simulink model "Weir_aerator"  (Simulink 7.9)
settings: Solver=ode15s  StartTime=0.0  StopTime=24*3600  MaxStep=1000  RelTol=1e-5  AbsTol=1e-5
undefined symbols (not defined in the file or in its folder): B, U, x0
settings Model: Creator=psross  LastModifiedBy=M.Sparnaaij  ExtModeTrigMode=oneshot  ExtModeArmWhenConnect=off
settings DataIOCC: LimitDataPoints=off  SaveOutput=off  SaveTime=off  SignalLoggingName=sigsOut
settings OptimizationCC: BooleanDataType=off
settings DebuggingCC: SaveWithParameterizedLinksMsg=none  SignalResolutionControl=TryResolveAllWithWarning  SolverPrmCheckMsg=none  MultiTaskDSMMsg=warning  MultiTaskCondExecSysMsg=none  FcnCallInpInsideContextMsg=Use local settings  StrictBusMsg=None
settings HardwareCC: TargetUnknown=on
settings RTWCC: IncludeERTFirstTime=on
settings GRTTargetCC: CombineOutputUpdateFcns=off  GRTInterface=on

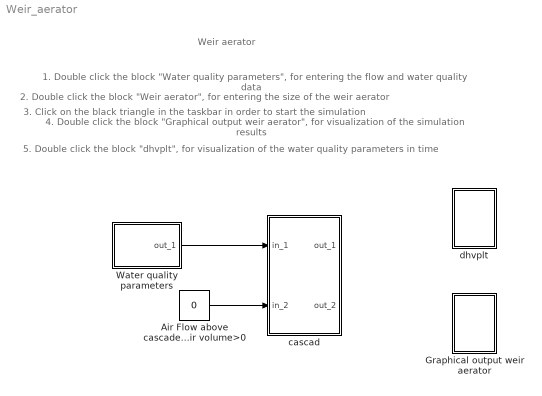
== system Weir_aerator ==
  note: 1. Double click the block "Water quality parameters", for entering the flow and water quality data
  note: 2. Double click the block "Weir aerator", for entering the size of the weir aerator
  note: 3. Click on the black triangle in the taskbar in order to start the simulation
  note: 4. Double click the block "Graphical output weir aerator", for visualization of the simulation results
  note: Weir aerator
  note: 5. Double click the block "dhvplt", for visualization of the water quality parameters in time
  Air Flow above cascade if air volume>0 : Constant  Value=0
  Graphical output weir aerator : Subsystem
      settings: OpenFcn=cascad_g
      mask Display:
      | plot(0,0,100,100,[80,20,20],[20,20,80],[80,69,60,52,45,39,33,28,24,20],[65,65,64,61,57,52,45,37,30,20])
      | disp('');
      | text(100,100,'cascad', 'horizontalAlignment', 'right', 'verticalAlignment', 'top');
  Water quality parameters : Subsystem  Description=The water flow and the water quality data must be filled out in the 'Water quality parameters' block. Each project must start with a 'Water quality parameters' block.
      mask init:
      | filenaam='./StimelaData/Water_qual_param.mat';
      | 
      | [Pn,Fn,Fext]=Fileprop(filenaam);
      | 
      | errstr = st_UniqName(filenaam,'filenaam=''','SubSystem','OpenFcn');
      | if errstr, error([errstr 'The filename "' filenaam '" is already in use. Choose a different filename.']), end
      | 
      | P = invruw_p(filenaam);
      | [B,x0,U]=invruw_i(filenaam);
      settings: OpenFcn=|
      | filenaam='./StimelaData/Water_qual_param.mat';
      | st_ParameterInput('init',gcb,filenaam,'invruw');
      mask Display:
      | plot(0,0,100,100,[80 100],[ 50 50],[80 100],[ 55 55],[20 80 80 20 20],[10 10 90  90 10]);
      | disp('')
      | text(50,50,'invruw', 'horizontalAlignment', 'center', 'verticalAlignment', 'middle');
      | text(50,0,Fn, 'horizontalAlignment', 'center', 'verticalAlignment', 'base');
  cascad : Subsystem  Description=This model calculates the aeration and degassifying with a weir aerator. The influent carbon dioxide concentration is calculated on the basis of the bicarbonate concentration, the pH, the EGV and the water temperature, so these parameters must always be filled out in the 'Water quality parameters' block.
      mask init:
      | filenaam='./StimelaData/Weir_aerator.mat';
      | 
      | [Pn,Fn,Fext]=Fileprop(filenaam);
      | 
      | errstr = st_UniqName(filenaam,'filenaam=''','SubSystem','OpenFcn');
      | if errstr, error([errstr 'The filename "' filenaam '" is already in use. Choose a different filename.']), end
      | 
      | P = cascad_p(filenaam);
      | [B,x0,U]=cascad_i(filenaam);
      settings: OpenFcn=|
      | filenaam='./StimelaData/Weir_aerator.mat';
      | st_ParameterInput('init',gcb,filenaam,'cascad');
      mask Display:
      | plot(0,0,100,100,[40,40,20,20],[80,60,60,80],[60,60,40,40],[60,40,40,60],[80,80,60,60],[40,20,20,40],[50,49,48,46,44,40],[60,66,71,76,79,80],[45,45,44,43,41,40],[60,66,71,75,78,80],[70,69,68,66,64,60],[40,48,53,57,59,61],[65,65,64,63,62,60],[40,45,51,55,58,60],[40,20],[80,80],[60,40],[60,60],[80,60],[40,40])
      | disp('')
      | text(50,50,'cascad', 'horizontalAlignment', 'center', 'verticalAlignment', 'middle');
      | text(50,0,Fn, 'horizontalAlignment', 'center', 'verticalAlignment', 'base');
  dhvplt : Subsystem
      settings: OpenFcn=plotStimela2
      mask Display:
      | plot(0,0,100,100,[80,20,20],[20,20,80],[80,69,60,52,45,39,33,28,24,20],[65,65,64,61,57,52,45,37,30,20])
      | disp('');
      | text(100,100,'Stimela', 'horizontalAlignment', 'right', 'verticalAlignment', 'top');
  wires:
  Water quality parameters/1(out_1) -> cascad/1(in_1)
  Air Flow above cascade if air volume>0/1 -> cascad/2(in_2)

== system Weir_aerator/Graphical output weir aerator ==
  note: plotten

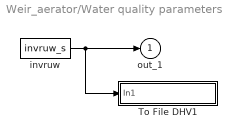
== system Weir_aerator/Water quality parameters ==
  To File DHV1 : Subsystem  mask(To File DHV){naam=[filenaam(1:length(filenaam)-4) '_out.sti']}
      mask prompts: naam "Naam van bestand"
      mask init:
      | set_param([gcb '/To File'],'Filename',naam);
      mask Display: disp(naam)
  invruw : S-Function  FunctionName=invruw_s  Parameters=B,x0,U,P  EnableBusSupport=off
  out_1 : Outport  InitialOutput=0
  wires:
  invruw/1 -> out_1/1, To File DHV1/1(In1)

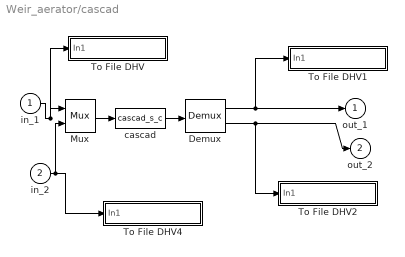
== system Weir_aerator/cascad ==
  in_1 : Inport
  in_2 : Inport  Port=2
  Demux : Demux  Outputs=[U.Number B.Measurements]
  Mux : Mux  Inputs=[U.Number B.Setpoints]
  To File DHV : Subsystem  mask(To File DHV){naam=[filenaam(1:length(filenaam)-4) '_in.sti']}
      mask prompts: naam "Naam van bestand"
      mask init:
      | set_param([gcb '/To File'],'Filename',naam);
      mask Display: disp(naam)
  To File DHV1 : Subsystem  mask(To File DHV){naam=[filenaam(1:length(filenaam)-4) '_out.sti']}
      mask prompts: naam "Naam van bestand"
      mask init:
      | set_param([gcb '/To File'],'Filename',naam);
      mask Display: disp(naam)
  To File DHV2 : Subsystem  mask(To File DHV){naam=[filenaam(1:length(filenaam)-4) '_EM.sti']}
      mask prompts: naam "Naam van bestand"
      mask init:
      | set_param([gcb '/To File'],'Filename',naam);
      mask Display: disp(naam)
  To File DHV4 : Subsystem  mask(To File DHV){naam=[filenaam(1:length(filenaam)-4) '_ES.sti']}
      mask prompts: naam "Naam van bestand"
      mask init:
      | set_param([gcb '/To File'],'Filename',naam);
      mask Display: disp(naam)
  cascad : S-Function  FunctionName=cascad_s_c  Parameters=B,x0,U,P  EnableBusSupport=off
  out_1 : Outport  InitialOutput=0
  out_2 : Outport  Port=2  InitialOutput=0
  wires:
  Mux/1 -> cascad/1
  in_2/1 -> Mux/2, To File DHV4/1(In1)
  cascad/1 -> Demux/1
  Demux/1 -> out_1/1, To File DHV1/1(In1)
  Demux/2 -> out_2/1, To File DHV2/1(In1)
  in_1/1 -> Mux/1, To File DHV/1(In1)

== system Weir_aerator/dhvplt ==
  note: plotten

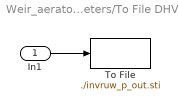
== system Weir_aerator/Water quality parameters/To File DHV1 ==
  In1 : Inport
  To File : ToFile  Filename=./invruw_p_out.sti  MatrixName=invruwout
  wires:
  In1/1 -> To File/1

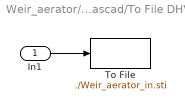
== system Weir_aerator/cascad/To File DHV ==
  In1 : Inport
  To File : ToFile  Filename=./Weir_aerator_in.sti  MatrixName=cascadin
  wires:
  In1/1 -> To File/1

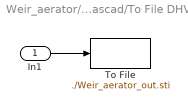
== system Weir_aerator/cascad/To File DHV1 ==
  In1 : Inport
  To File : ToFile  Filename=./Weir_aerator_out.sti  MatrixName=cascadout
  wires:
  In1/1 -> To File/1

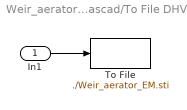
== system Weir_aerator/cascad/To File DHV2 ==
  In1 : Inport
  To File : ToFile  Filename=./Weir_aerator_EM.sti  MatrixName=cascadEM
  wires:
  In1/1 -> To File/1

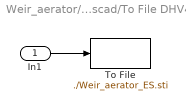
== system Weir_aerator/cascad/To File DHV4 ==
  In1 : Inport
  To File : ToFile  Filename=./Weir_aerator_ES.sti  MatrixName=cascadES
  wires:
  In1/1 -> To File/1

What this task involves: Give again, word for word, every line from the top of the data through the line with "note: Weir aerator", both ends included, and exclude the pictures.

Result:
simulink model "Weir_aerator"  (Simulink 7.9)
settings: Solver=ode15s  StartTime=0.0  StopTime=24*3600  MaxStep=1000  RelTol=1e-5  AbsTol=1e-5
undefined symbols (not defined in the file or in its folder): B, U, x0
settings Model: Creator=psross  LastModifiedBy=M.Sparnaaij  ExtModeTrigMode=oneshot  ExtModeArmWhenConnect=off
settings DataIOCC: LimitDataPoints=off  SaveOutput=off  SaveTime=off  SignalLoggingName=sigsOut
settings OptimizationCC: BooleanDataType=off
settings DebuggingCC: SaveWithParameterizedLinksMsg=none  SignalResolutionControl=TryResolveAllWithWarning  SolverPrmCheckMsg=none  MultiTaskDSMMsg=warning  MultiTaskCondExecSysMsg=none  FcnCallInpInsideContextMsg=Use local settings  StrictBusMsg=None
settings HardwareCC: TargetUnknown=on
settings RTWCC: IncludeERTFirstTime=on
settings GRTTargetCC: CombineOutputUpdateFcns=off  GRTInterface=on

== system Weir_aerator ==
  note: 1. Double click the block "Water quality parameters", for entering the flow and water quality data
  note: 2. Double click the block "Weir aerator", for entering the size of the weir aerator
  note: 3. Click on the black triangle in the taskbar in order to start the simulation
  note: 4. Double click the block "Graphical output weir aerator", for visualization of the simulation results
  note: Weir aerator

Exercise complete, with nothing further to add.